6. Methods of Evaluation -
  1. Written tests: multiple choice, matching, essays, fill-in-the-blank, short answer.
  2. Assignments: matching, multiple choice, fill-in-the-blank, true/false, short answer, fill-in-the-table.
  3. National-style paramedic affective evaluation: observe student behavior, document, and counsel student.
  4. Paramedic preceptor clinical evaluations of psychomotor, cognitive, and affective domain.
  5. Protocol quizzes
7. Representative Text(s) -
Aehlert, Barbara, Paramedic Practice Today: Above and Beyond, (2-Volume Set Revised Reprint), Elsevier/Mosby, May 2011.

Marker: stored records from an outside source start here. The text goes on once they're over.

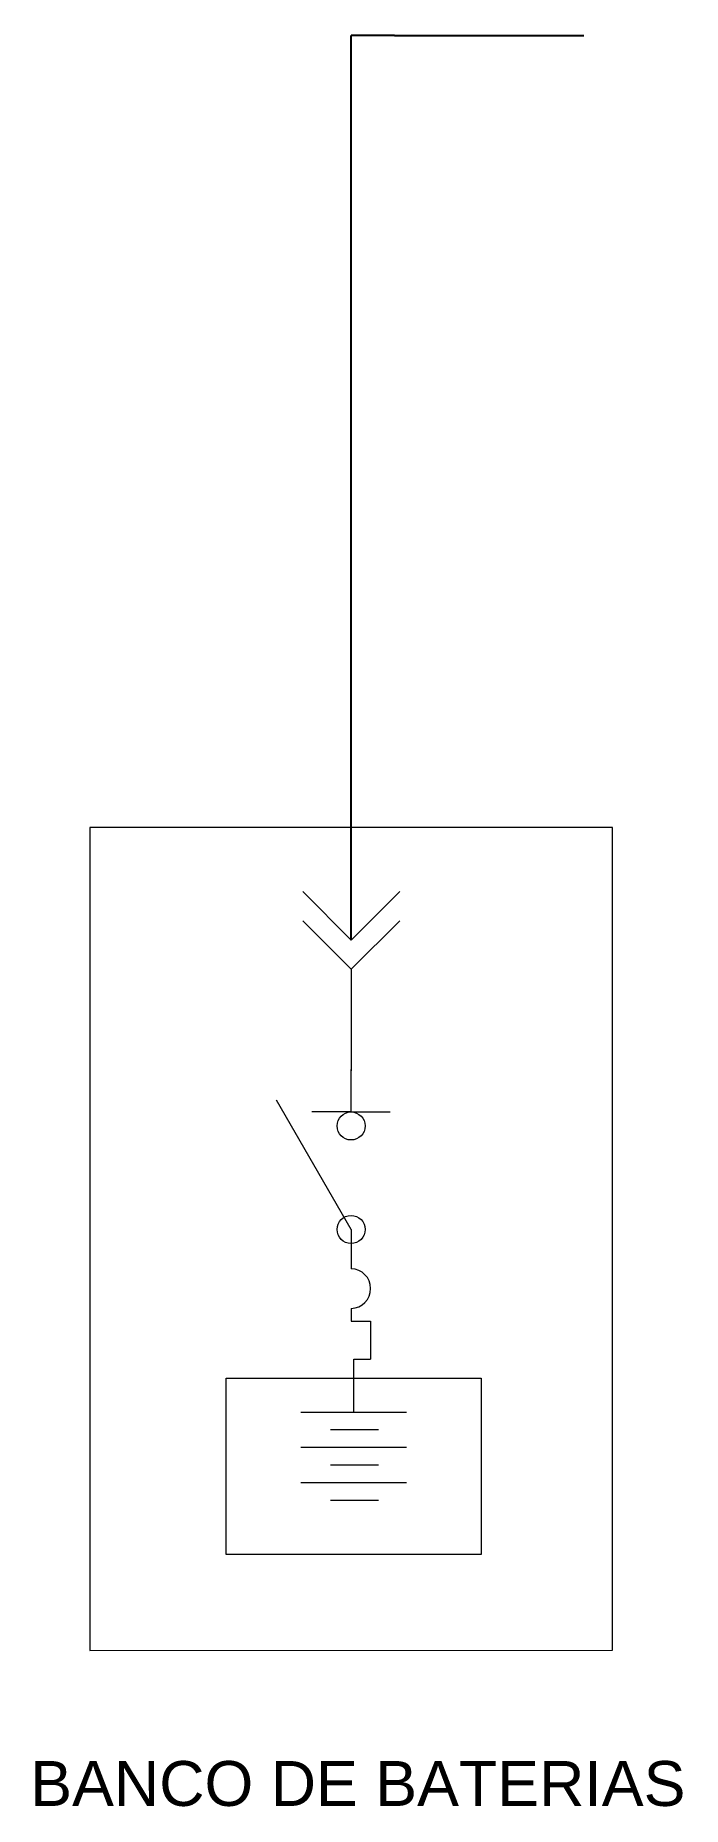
# Model space of a CAD drawing. Header units: millimetres. Extents: x 25.7 to 47.4, y -55.7 to 3.4.
import ezdxf

# ---------------------------------------------------------------- set-up
doc = ezdxf.new("R2010")
doc.units = ezdxf.units.MM
doc.styles.get("Standard").update_dxf_attribs({"font": 'arial.ttf'})

msp = doc.modelspace()

# ---------------------------------------------------------------- linework, layer by layer
at = {"color": 7}
for p, q in [((37.743, 3.402), (36.296, 3.402)), ((36.296, -0.147), (36.296, 3.402)), ((37.743, 3.402), (44.067, 3.402)), ((36.296, -26.801), (36.296, -0.147))]:
    msp.add_line(p, q, dxfattribs=at)
at = {"color": 0, "linetype": 'ByBlock', "lineweight": 18, "transparency": 16777216}
for p, q in [((36.296, -26.801), (34.677, -25.185)), ((36.296, -26.801), (37.918, -25.185)), ((36.296, -27.772), (34.677, -26.157)), ((36.296, -27.772), (37.918, -26.157)), ((36.296, -27.772), (36.296, -31.168)), ((36.294, -32.541), (36.294, -31.124)), ((36.294, -36.465), (33.806, -32.146)), ((36.294, -32.541), (34.985, -32.541)), ((36.294, -32.541), (37.603, -32.541)), ((36.294, -36.465), (36.294, -37.78)), ((36.294, -39.102), (36.294, -39.529)), ((36.294, -39.529), (36.937, -39.529)), ((36.937, -39.529), (36.937, -40.793)), ((36.38, -40.793), (36.937, -40.793)), ((36.38, -42.56), (36.38, -40.793)), ((34.616, -42.56), (38.143, -42.56)), ((35.604, -43.148), (37.21, -43.148)), ((34.616, -43.736), (38.143, -43.736)), ((35.604, -44.324), (37.21, -44.324)), ((34.616, -44.912), (38.143, -44.912)), ((35.604, -45.499), (37.21, -45.499))]:
    msp.add_line(p, q, dxfattribs=at)
for points in [[(27.565, -23.049), (27.565, -50.526), (45.027, -50.513), (45.027, -23.049)], [(32.123, -41.433), (40.636, -41.433), (40.636, -47.315), (32.123, -47.315)]]:
    msp.add_lwpolyline(points, close=True, dxfattribs=at)
for centre in [(36.294, -33.01), (36.294, -36.465)]:
    msp.add_circle(centre, 0.468, dxfattribs=at)
msp.add_arc((36.286, -38.44), 0.661, 270.73308, 89.26692, dxfattribs=at)

# ---------------------------------------------------------------- texts
at = {"color": 0, "lineweight": 18}
msp.add_text('BANCO DE BATERIAS', height=1.5, dxfattribs=at).set_placement((25.575, -55.713))

doc.saveas('drawing.dxf')
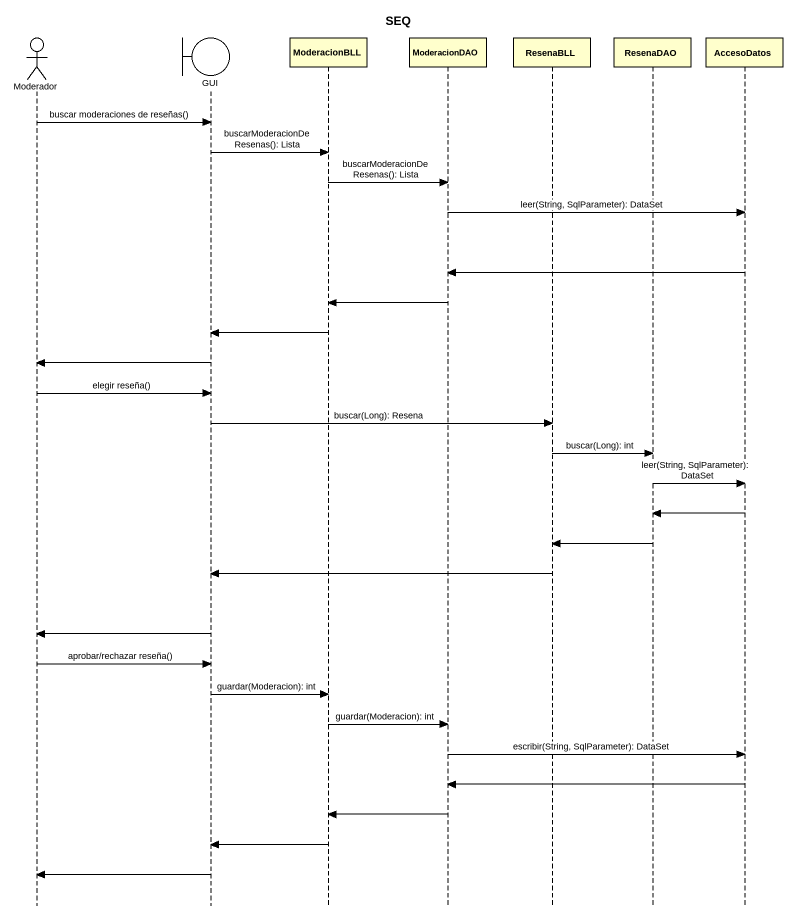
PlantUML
@startuml
title SEQ
hide footbox
actor Moderador
boundary GUI
participant ModeracionBLL
participant ModeracionDAO
participant ResenaBLL
participant ResenaDAO
participant AccesoDatos

Moderador -> GUI : buscar moderaciones de reseñas()
GUI -> ModeracionBLL : buscarModeracionDeResenas(): Lista
ModeracionBLL -> ModeracionDAO : buscarModeracionDeResenas(): Lista
ModeracionDAO -> AccesoDatos : leer(String, SqlParameter): DataSet
AccesoDatos -> ModeracionDAO
ModeracionDAO -> ModeracionBLL
ModeracionBLL -> GUI
GUI -> Moderador
Moderador -> GUI : elegir reseña()
GUI -> ResenaBLL : buscar(Long): Resena
ResenaBLL -> ResenaDAO : buscar(Long): int
ResenaDAO -> AccesoDatos : leer(String, SqlParameter): DataSet
AccesoDatos -> ResenaDAO
ResenaDAO -> ResenaBLL
ResenaBLL -> GUI
GUI -> Moderador
Moderador -> GUI : aprobar/rechazar reseña()
GUI -> ModeracionBLL : guardar(Moderacion): int
ModeracionBLL -> ModeracionDAO : guardar(Moderacion): int
ModeracionDAO -> AccesoDatos : escribir(String, SqlParameter): DataSet
AccesoDatos -> ModeracionDAO
ModeracionDAO -> ModeracionBLL
ModeracionBLL -> GUI
GUI -> Moderador
@enduml

American Heart Association, Advanced Cardiac Life Support (ACLS) Provider Manual, (90-1012), Publisher- Channing Bete, April 2010.
American Heart Association, BLS for the Healthcare Provider, (90-1000) Channing and Bete, April 2010.
Sanders, Tina and Scanlon, Valerie C., Essentials of Anatomy and Physiology, 6th ed., Text and Workbook, 2010.
Foothill College Paramedic Program, Student Policy Handbook, 2010 - 2012.
Geiter Jr., Henry B., EZ ECG Rhythm Interpretation, November 2003.

8. Disciplines -
Emergency Medical Technologies
 
9. Method of Instruction -
Instruction and evaluation by a field preceptor. The intern will also will do self study and incorporate information that is gathered from preceptor's evaluation.
 
10. Lab Content -
Labs will be conducted on a 911 ambulance and include the following topics:
  1. Patient assessment with development of a working diagnosis.
  2. Communication with transfer of care.
  3. Written PCR's
 
11. Honors Description - No longer used. Integrated into main description section.
 
12. Types and/or Examples of Required Reading, Writing and Outside of Class Assignments -
  1. Writing Assignments: Weekly essays are assigned; for example compare and contrast pulmonary edema secondary to left heart failure and cardiogenic shock.
  2. Workbook/writing assignments are given each week and include: matching, multiple choice, fill-in-the-blank, identify, ambulance calls, true/false, short answer, word find, place photos in order, fill-in-the-table, problem solving, labeling diagram.
  3. Write prehospital patient care report form.
  4. Weekly documentation of Field Internship progress.
13. Need/Justification -
This course is a required core course for the AS degree and Certificate of Achievement in the Paramedic program.